Will There Ever be a Viable Adsense Competitor? - epi0Bauqu
http://www.gabrielweinberg.com/blog/2008/04/will-there-ever-be-a-viable-ad.html

======
tom_rath
I think the question to ask instead is if there will be a viable _AdWords_
competitor. Without a strong pool of ads, you won’t have a competitive
alternative.

Looking at the system from my own perspective as an advertiser:

Google AdWords is absolutely amazing in its flexibility, customization, speed,
return on investment, etc. The tools provided are wonderfully helpful and I
happily shovel gobs of cash to The Google every month.

Microsoft AdCenter (Live.com) isn’t quite as flexible, but it’s getting there.
The tools are decent and improving, with the only limiting factor being the
modest number of visitors their search engine receives. The dribble of click
traffic from Live.com / MSN is small, but it’s worth paying for.
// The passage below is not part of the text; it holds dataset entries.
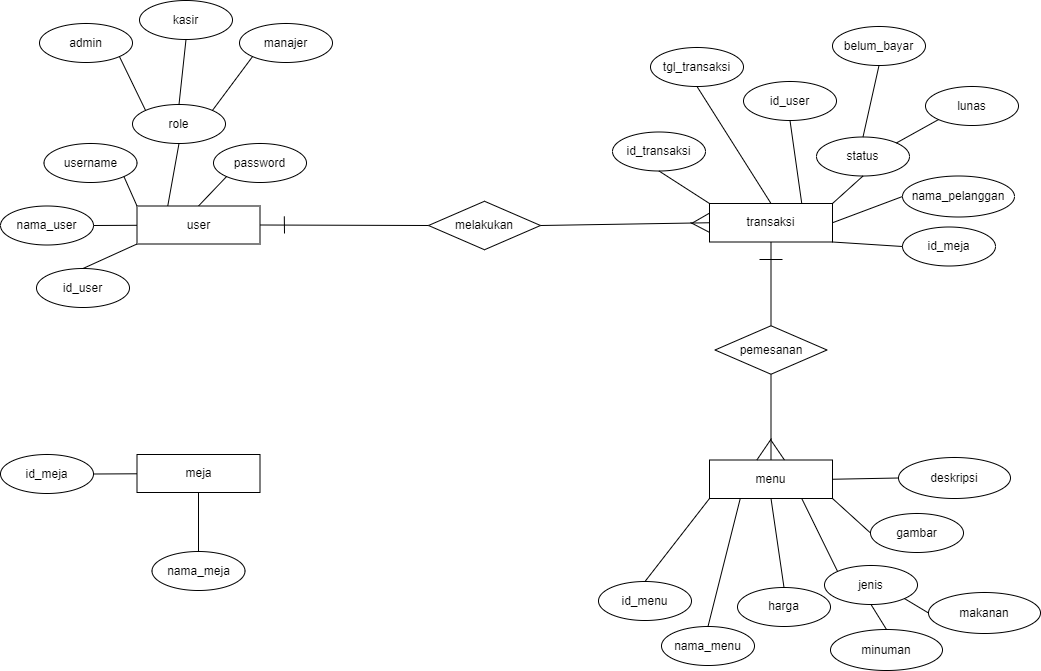

The diagram above was exported from draw.io. Its source (the exported page's mxGraphModel, read from the mxfile embedded in the PNG):
<mxGraphModel dx="1441" dy="670" grid="0" gridSize="10" guides="1" tooltips="1" connect="1" arrows="1" fold="1" page="1" pageScale="1" pageWidth="1100" pageHeight="850" background="#FFFFFF" math="0" shadow="0" extFonts="Permanent Marker^https://fonts.googleapis.com/css?family=Permanent+Marker">
  <root>
    <mxCell id="0" />
    <mxCell id="1" parent="0" />
    <mxCell id="5OXl9i0XGqc5imE-4SHl-6" value="id_user" style="ellipse;whiteSpace=wrap;html=1;" vertex="1" parent="1">
      <mxGeometry x="87" y="325" width="93" height="39" as="geometry" />
    </mxCell>
    <mxCell id="5OXl9i0XGqc5imE-4SHl-7" value="nama_user" style="ellipse;whiteSpace=wrap;html=1;" vertex="1" parent="1">
      <mxGeometry x="51" y="262.5" width="93" height="39" as="geometry" />
    </mxCell>
    <mxCell id="5OXl9i0XGqc5imE-4SHl-8" value="username" style="ellipse;whiteSpace=wrap;html=1;" vertex="1" parent="1">
      <mxGeometry x="94.5" y="200" width="93" height="39" as="geometry" />
    </mxCell>
    <mxCell id="5OXl9i0XGqc5imE-4SHl-9" value="password" style="ellipse;whiteSpace=wrap;html=1;" vertex="1" parent="1">
      <mxGeometry x="264" y="200" width="93" height="39" as="geometry" />
    </mxCell>
    <mxCell id="5OXl9i0XGqc5imE-4SHl-10" value="role" style="ellipse;whiteSpace=wrap;html=1;" vertex="1" parent="1">
      <mxGeometry x="183" y="161" width="93" height="39" as="geometry" />
    </mxCell>
    <mxCell id="5OXl9i0XGqc5imE-4SHl-11" value="" style="endArrow=none;html=1;rounded=0;exitX=1;exitY=0.5;exitDx=0;exitDy=0;" edge="1" parent="1" source="5OXl9i0XGqc5imE-4SHl-7" target="5OXl9i0XGqc5imE-4SHl-17">
      <mxGeometry width="50" height="50" relative="1" as="geometry">
        <mxPoint x="362" y="228" as="sourcePoint" />
        <mxPoint x="182" y="282" as="targetPoint" />
      </mxGeometry>
    </mxCell>
    <mxCell id="5OXl9i0XGqc5imE-4SHl-12" value="" style="endArrow=none;html=1;rounded=0;exitX=0.5;exitY=0;exitDx=0;exitDy=0;entryX=0;entryY=1;entryDx=0;entryDy=0;" edge="1" parent="1" source="5OXl9i0XGqc5imE-4SHl-6" target="5OXl9i0XGqc5imE-4SHl-17">
      <mxGeometry width="50" height="50" relative="1" as="geometry">
        <mxPoint x="154" y="292" as="sourcePoint" />
        <mxPoint x="199.1998141091135" y="303.0246527183301" as="targetPoint" />
      </mxGeometry>
    </mxCell>
    <mxCell id="5OXl9i0XGqc5imE-4SHl-13" value="" style="endArrow=none;html=1;rounded=0;exitX=1;exitY=1;exitDx=0;exitDy=0;entryX=0;entryY=0;entryDx=0;entryDy=0;" edge="1" parent="1" source="5OXl9i0XGqc5imE-4SHl-8" target="5OXl9i0XGqc5imE-4SHl-17">
      <mxGeometry width="50" height="50" relative="1" as="geometry">
        <mxPoint x="144" y="335" as="sourcePoint" />
        <mxPoint x="199.1998141091135" y="260.9753472816699" as="targetPoint" />
      </mxGeometry>
    </mxCell>
    <mxCell id="5OXl9i0XGqc5imE-4SHl-14" value="" style="endArrow=none;html=1;rounded=0;exitX=0.5;exitY=1;exitDx=0;exitDy=0;entryX=0.25;entryY=0;entryDx=0;entryDy=0;" edge="1" parent="1" source="5OXl9i0XGqc5imE-4SHl-10" target="5OXl9i0XGqc5imE-4SHl-17">
      <mxGeometry width="50" height="50" relative="1" as="geometry">
        <mxPoint x="177" y="230" as="sourcePoint" />
        <mxPoint x="242" y="252" as="targetPoint" />
      </mxGeometry>
    </mxCell>
    <mxCell id="5OXl9i0XGqc5imE-4SHl-15" value="" style="endArrow=none;html=1;rounded=0;exitX=0;exitY=1;exitDx=0;exitDy=0;entryX=0.5;entryY=0;entryDx=0;entryDy=0;" edge="1" parent="1" source="5OXl9i0XGqc5imE-4SHl-9" target="5OXl9i0XGqc5imE-4SHl-17">
      <mxGeometry width="50" height="50" relative="1" as="geometry">
        <mxPoint x="244" y="197" as="sourcePoint" />
        <mxPoint x="284.8001858908865" y="260.9753472816699" as="targetPoint" />
      </mxGeometry>
    </mxCell>
    <mxCell id="5OXl9i0XGqc5imE-4SHl-17" value="user" style="rounded=0;whiteSpace=wrap;html=1;" vertex="1" parent="1">
      <mxGeometry x="187.5" y="262.5" width="123" height="38" as="geometry" />
    </mxCell>
    <mxCell id="5OXl9i0XGqc5imE-4SHl-18" value="id_transaksi" style="ellipse;whiteSpace=wrap;html=1;" vertex="1" parent="1">
      <mxGeometry x="663" y="188.5" width="93" height="39" as="geometry" />
    </mxCell>
    <mxCell id="5OXl9i0XGqc5imE-4SHl-19" value="tgl_transaksi" style="ellipse;whiteSpace=wrap;html=1;" vertex="1" parent="1">
      <mxGeometry x="701" y="104" width="93" height="39" as="geometry" />
    </mxCell>
    <mxCell id="5OXl9i0XGqc5imE-4SHl-20" value="id_user" style="ellipse;whiteSpace=wrap;html=1;" vertex="1" parent="1">
      <mxGeometry x="794" y="138" width="93" height="39" as="geometry" />
    </mxCell>
    <mxCell id="5OXl9i0XGqc5imE-4SHl-21" value="id_meja" style="ellipse;whiteSpace=wrap;html=1;" vertex="1" parent="1">
      <mxGeometry x="953" y="283.5" width="93" height="39" as="geometry" />
    </mxCell>
    <mxCell id="5OXl9i0XGqc5imE-4SHl-22" value="status" style="ellipse;whiteSpace=wrap;html=1;" vertex="1" parent="1">
      <mxGeometry x="867" y="193.5" width="93" height="39" as="geometry" />
    </mxCell>
    <mxCell id="5OXl9i0XGqc5imE-4SHl-23" value="" style="endArrow=none;html=1;rounded=0;exitX=0.5;exitY=1;exitDx=0;exitDy=0;entryX=0.5;entryY=0;entryDx=0;entryDy=0;" edge="1" parent="1" source="5OXl9i0XGqc5imE-4SHl-19" target="5OXl9i0XGqc5imE-4SHl-28">
      <mxGeometry width="50" height="50" relative="1" as="geometry">
        <mxPoint x="928" y="229.5" as="sourcePoint" />
        <mxPoint x="748" y="283.5" as="targetPoint" />
      </mxGeometry>
    </mxCell>
    <mxCell id="5OXl9i0XGqc5imE-4SHl-24" value="" style="endArrow=none;html=1;rounded=0;exitX=0.5;exitY=1;exitDx=0;exitDy=0;entryX=0;entryY=0;entryDx=0;entryDy=0;" edge="1" parent="1" source="5OXl9i0XGqc5imE-4SHl-18" target="5OXl9i0XGqc5imE-4SHl-28">
      <mxGeometry width="50" height="50" relative="1" as="geometry">
        <mxPoint x="720" y="293.5" as="sourcePoint" />
        <mxPoint x="765.1998141091135" y="304.5246527183301" as="targetPoint" />
      </mxGeometry>
    </mxCell>
    <mxCell id="5OXl9i0XGqc5imE-4SHl-25" value="" style="endArrow=none;html=1;rounded=0;exitX=0.5;exitY=1;exitDx=0;exitDy=0;entryX=0.75;entryY=0;entryDx=0;entryDy=0;" edge="1" parent="1" source="5OXl9i0XGqc5imE-4SHl-20" target="5OXl9i0XGqc5imE-4SHl-28">
      <mxGeometry width="50" height="50" relative="1" as="geometry">
        <mxPoint x="710" y="336.5" as="sourcePoint" />
        <mxPoint x="765.1998141091135" y="262.4753472816699" as="targetPoint" />
      </mxGeometry>
    </mxCell>
    <mxCell id="5OXl9i0XGqc5imE-4SHl-26" value="" style="endArrow=none;html=1;rounded=0;exitX=0.5;exitY=1;exitDx=0;exitDy=0;entryX=1;entryY=0;entryDx=0;entryDy=0;" edge="1" parent="1" source="5OXl9i0XGqc5imE-4SHl-22" target="5OXl9i0XGqc5imE-4SHl-28">
      <mxGeometry width="50" height="50" relative="1" as="geometry">
        <mxPoint x="743" y="231.5" as="sourcePoint" />
        <mxPoint x="808" y="253.5" as="targetPoint" />
      </mxGeometry>
    </mxCell>
    <mxCell id="5OXl9i0XGqc5imE-4SHl-27" value="" style="endArrow=none;html=1;rounded=0;exitX=0;exitY=0.5;exitDx=0;exitDy=0;entryX=1;entryY=1;entryDx=0;entryDy=0;" edge="1" parent="1" source="5OXl9i0XGqc5imE-4SHl-21" target="5OXl9i0XGqc5imE-4SHl-28">
      <mxGeometry width="50" height="50" relative="1" as="geometry">
        <mxPoint x="810" y="198.5" as="sourcePoint" />
        <mxPoint x="850.8001858908865" y="262.4753472816699" as="targetPoint" />
      </mxGeometry>
    </mxCell>
    <mxCell id="5OXl9i0XGqc5imE-4SHl-28" value="transaksi" style="rounded=0;whiteSpace=wrap;html=1;" vertex="1" parent="1">
      <mxGeometry x="760" y="260" width="123" height="38.5" as="geometry" />
    </mxCell>
    <mxCell id="5OXl9i0XGqc5imE-4SHl-29" value="nama_pelanggan" style="ellipse;whiteSpace=wrap;html=1;" vertex="1" parent="1">
      <mxGeometry x="953" y="232.5" width="112" height="41" as="geometry" />
    </mxCell>
    <mxCell id="5OXl9i0XGqc5imE-4SHl-30" value="" style="endArrow=none;html=1;rounded=0;exitX=0;exitY=0.5;exitDx=0;exitDy=0;entryX=1;entryY=0.5;entryDx=0;entryDy=0;" edge="1" parent="1" source="5OXl9i0XGqc5imE-4SHl-29" target="5OXl9i0XGqc5imE-4SHl-28">
      <mxGeometry width="50" height="50" relative="1" as="geometry">
        <mxPoint x="936" y="337.5" as="sourcePoint" />
        <mxPoint x="886" y="312.5" as="targetPoint" />
      </mxGeometry>
    </mxCell>
    <mxCell id="5OXl9i0XGqc5imE-4SHl-31" value="melakukan" style="rhombus;whiteSpace=wrap;html=1;" vertex="1" parent="1">
      <mxGeometry x="479" y="257.75" width="112" height="48.5" as="geometry" />
    </mxCell>
    <mxCell id="5OXl9i0XGqc5imE-4SHl-32" value="harga" style="ellipse;whiteSpace=wrap;html=1;" vertex="1" parent="1">
      <mxGeometry x="788" y="644" width="93" height="39" as="geometry" />
    </mxCell>
    <mxCell id="5OXl9i0XGqc5imE-4SHl-33" value="jenis" style="ellipse;whiteSpace=wrap;html=1;" vertex="1" parent="1">
      <mxGeometry x="875" y="622" width="93" height="39" as="geometry" />
    </mxCell>
    <mxCell id="5OXl9i0XGqc5imE-4SHl-34" value="id_menu" style="ellipse;whiteSpace=wrap;html=1;" vertex="1" parent="1">
      <mxGeometry x="649" y="638" width="93" height="39" as="geometry" />
    </mxCell>
    <mxCell id="5OXl9i0XGqc5imE-4SHl-35" value="gambar" style="ellipse;whiteSpace=wrap;html=1;" vertex="1" parent="1">
      <mxGeometry x="921" y="570" width="93" height="39" as="geometry" />
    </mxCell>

Yahoo Search Marketing by contrast is an absolute joke. The ad system is slow,
inflexible, unreliable and a complete waste of time and cash. Even the most
basic filtering option –- displaying ads only on Yahoo’s Search page –- isn’t
available, and so your ads will appear on every spammy domain squatting and
adware site under the sun. If you’ve a high per-click cost, advertising cash
spent at Yahoo is completely wasted and is best directed back to (you guessed
it) Google.

Ask.com, etc: Similar. Within a day of signing up and advertising, you’ll see
a remarkable number of clicks, all originating from sleazy domain squatters
and link farms. As far as competing for ads goes, these guys aren’t even in
the race.

My dream: I’d love to see Microsoft acquire Yahoo and replace Yahoo’s joke of
an ad management system with Live.com’s halfway decent alternative. That one
action alone would probably do more for Yahoo’s bottom line than any number of
new niche content network improvements... but that’s another rant entirely.

------
maurycy
People always seem to make the same mistakes in their thinking, again and
again.

Few years ago no one thought that IBM can be crushed. It looked like an
eternal company that nearly monopolized the market. Then, Microsoft appeared
and changed the computer industry we know. After few years, everyone
recognized Microsoft as a giant forever. Of course, it didn't take too much
time to Yahoo! to appear, and then, to Google to appear.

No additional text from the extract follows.